(Saved data entries)
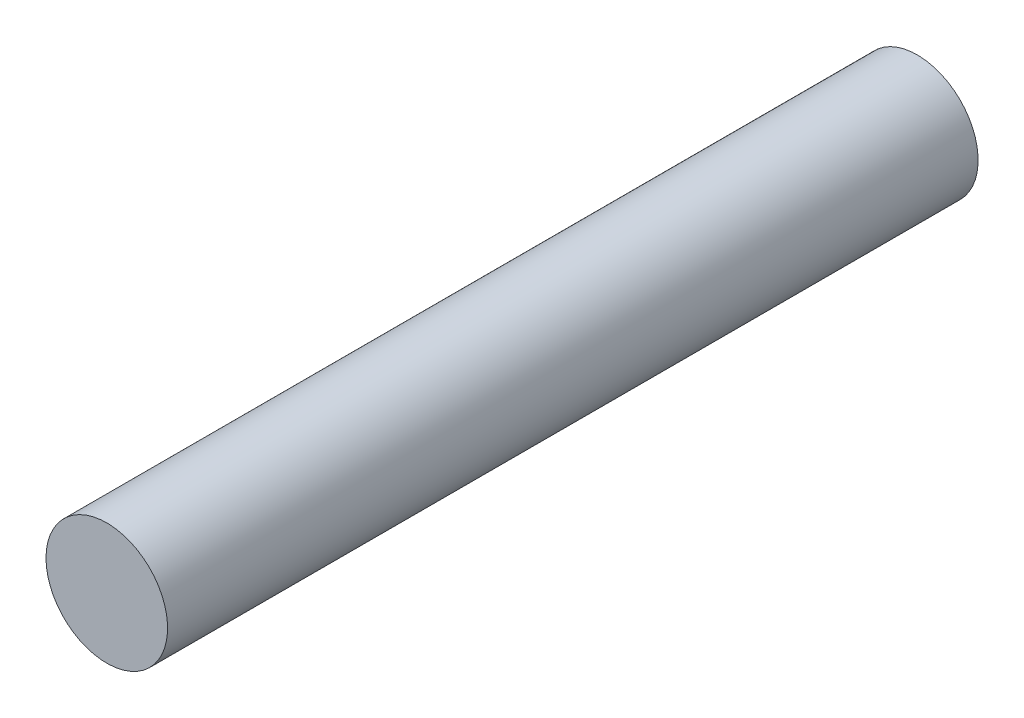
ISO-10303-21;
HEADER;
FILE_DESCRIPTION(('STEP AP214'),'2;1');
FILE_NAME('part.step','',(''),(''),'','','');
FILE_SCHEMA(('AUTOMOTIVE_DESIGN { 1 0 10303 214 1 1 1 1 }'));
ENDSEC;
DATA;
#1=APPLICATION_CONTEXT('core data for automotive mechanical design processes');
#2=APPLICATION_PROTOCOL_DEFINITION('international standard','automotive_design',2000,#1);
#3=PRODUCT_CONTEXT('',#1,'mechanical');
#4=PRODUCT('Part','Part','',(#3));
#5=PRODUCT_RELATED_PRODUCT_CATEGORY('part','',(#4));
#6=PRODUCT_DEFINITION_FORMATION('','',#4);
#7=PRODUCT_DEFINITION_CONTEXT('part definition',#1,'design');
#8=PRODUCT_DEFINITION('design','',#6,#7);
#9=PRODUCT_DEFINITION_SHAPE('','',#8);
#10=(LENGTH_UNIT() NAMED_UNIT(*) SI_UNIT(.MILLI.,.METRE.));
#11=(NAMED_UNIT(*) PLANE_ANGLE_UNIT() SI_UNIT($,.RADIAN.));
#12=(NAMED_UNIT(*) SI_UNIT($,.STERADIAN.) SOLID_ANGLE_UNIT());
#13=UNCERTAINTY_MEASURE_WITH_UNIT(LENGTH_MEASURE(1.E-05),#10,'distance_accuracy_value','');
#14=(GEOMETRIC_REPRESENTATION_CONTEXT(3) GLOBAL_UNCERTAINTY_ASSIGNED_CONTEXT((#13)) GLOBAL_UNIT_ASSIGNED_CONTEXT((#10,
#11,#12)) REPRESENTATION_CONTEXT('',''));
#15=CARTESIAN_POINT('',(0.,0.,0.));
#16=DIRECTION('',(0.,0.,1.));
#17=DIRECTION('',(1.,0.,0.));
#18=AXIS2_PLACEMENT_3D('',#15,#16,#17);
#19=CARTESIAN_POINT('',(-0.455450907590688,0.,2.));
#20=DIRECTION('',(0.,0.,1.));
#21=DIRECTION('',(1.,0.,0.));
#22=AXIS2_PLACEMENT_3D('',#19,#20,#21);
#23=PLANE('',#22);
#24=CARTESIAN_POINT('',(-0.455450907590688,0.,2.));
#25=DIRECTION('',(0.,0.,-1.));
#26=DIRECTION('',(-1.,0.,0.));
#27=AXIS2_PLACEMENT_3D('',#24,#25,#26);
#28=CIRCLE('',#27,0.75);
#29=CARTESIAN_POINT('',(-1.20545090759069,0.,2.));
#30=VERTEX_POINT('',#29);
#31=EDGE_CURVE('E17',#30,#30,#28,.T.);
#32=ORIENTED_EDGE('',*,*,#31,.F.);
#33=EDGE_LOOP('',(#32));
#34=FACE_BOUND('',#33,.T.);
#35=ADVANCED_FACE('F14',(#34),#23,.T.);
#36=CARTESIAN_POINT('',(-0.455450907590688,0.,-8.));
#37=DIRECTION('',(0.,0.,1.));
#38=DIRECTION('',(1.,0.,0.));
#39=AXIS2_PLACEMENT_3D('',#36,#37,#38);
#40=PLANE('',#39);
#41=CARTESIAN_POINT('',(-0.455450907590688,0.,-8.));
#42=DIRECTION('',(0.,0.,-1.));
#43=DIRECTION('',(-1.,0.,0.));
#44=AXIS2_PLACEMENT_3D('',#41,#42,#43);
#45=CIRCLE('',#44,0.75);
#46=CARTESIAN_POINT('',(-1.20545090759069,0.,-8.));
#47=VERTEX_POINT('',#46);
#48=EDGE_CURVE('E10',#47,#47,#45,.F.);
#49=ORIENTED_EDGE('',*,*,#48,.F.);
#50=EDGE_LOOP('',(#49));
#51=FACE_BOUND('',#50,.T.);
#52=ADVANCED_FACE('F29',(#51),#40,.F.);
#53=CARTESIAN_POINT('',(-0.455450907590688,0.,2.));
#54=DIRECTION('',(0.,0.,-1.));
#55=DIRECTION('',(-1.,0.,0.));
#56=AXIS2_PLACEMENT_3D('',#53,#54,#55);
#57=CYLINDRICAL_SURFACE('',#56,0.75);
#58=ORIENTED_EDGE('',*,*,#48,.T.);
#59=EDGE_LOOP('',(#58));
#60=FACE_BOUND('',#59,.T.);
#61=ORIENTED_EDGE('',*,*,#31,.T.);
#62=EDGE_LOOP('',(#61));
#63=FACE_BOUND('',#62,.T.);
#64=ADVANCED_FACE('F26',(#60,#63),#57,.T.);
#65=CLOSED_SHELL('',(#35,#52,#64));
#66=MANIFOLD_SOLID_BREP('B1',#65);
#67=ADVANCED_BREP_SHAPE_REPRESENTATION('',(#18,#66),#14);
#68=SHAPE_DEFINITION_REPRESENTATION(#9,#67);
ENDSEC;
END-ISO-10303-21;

→ **INSTRUCTIONS TO FOLLOW**
In your copy, repeat each record exactly and include no pictures.

→ **EXERCISE SOLUTION**
ISO-10303-21;
HEADER;
FILE_DESCRIPTION(('STEP AP214'),'2;1');
FILE_NAME('part.step','',(''),(''),'','','');
FILE_SCHEMA(('AUTOMOTIVE_DESIGN { 1 0 10303 214 1 1 1 1 }'));
ENDSEC;
DATA;
#1=APPLICATION_CONTEXT('core data for automotive mechanical design processes');
#2=APPLICATION_PROTOCOL_DEFINITION('international standard','automotive_design',2000,#1);
#3=PRODUCT_CONTEXT('',#1,'mechanical');
#4=PRODUCT('Part','Part','',(#3));
#5=PRODUCT_RELATED_PRODUCT_CATEGORY('part','',(#4));
#6=PRODUCT_DEFINITION_FORMATION('','',#4);
#7=PRODUCT_DEFINITION_CONTEXT('part definition',#1,'design');
#8=PRODUCT_DEFINITION('design','',#6,#7);
#9=PRODUCT_DEFINITION_SHAPE('','',#8);
#10=(LENGTH_UNIT() NAMED_UNIT(*) SI_UNIT(.MILLI.,.METRE.));
#11=(NAMED_UNIT(*) PLANE_ANGLE_UNIT() SI_UNIT($,.RADIAN.));
#12=(NAMED_UNIT(*) SI_UNIT($,.STERADIAN.) SOLID_ANGLE_UNIT());
#13=UNCERTAINTY_MEASURE_WITH_UNIT(LENGTH_MEASURE(1.E-05),#10,'distance_accuracy_value','');
#14=(GEOMETRIC_REPRESENTATION_CONTEXT(3) GLOBAL_UNCERTAINTY_ASSIGNED_CONTEXT((#13)) GLOBAL_UNIT_ASSIGNED_CONTEXT((#10,
#11,#12)) REPRESENTATION_CONTEXT('',''));
#15=CARTESIAN_POINT('',(0.,0.,0.));
#16=DIRECTION('',(0.,0.,1.));
#17=DIRECTION('',(1.,0.,0.));
#18=AXIS2_PLACEMENT_3D('',#15,#16,#17);
#19=CARTESIAN_POINT('',(-0.455450907590688,0.,2.));
#20=DIRECTION('',(0.,0.,1.));
#21=DIRECTION('',(1.,0.,0.));
#22=AXIS2_PLACEMENT_3D('',#19,#20,#21);
#23=PLANE('',#22);
#24=CARTESIAN_POINT('',(-0.455450907590688,0.,2.));
#25=DIRECTION('',(0.,0.,-1.));
#26=DIRECTION('',(-1.,0.,0.));
#27=AXIS2_PLACEMENT_3D('',#24,#25,#26);
#28=CIRCLE('',#27,0.75);
#29=CARTESIAN_POINT('',(-1.20545090759069,0.,2.));
#30=VERTEX_POINT('',#29);
#31=EDGE_CURVE('E17',#30,#30,#28,.T.);
#32=ORIENTED_EDGE('',*,*,#31,.F.);
#33=EDGE_LOOP('',(#32));
#34=FACE_BOUND('',#33,.T.);
#35=ADVANCED_FACE('F14',(#34),#23,.T.);
#36=CARTESIAN_POINT('',(-0.455450907590688,0.,-8.));
#37=DIRECTION('',(0.,0.,1.));
#38=DIRECTION('',(1.,0.,0.));
#39=AXIS2_PLACEMENT_3D('',#36,#37,#38);
#40=PLANE('',#39);
#41=CARTESIAN_POINT('',(-0.455450907590688,0.,-8.));
#42=DIRECTION('',(0.,0.,-1.));
#43=DIRECTION('',(-1.,0.,0.));
#44=AXIS2_PLACEMENT_3D('',#41,#42,#43);
#45=CIRCLE('',#44,0.75);
#46=CARTESIAN_POINT('',(-1.20545090759069,0.,-8.));
#47=VERTEX_POINT('',#46);
#48=EDGE_CURVE('E10',#47,#47,#45,.F.);
#49=ORIENTED_EDGE('',*,*,#48,.F.);
#50=EDGE_LOOP('',(#49));
#51=FACE_BOUND('',#50,.T.);
#52=ADVANCED_FACE('F29',(#51),#40,.F.);
#53=CARTESIAN_POINT('',(-0.455450907590688,0.,2.));
#54=DIRECTION('',(0.,0.,-1.));
#55=DIRECTION('',(-1.,0.,0.));
#56=AXIS2_PLACEMENT_3D('',#53,#54,#55);
#57=CYLINDRICAL_SURFACE('',#56,0.75);
#58=ORIENTED_EDGE('',*,*,#48,.T.);
#59=EDGE_LOOP('',(#58));
#60=FACE_BOUND('',#59,.T.);
#61=ORIENTED_EDGE('',*,*,#31,.T.);
#62=EDGE_LOOP('',(#61));
#63=FACE_BOUND('',#62,.T.);
#64=ADVANCED_FACE('F26',(#60,#63),#57,.T.);
#65=CLOSED_SHELL('',(#35,#52,#64));
#66=MANIFOLD_SOLID_BREP('B1',#65);
#67=ADVANCED_BREP_SHAPE_REPRESENTATION('',(#18,#66),#14);
#68=SHAPE_DEFINITION_REPRESENTATION(#9,#67);
ENDSEC;
END-ISO-10303-21;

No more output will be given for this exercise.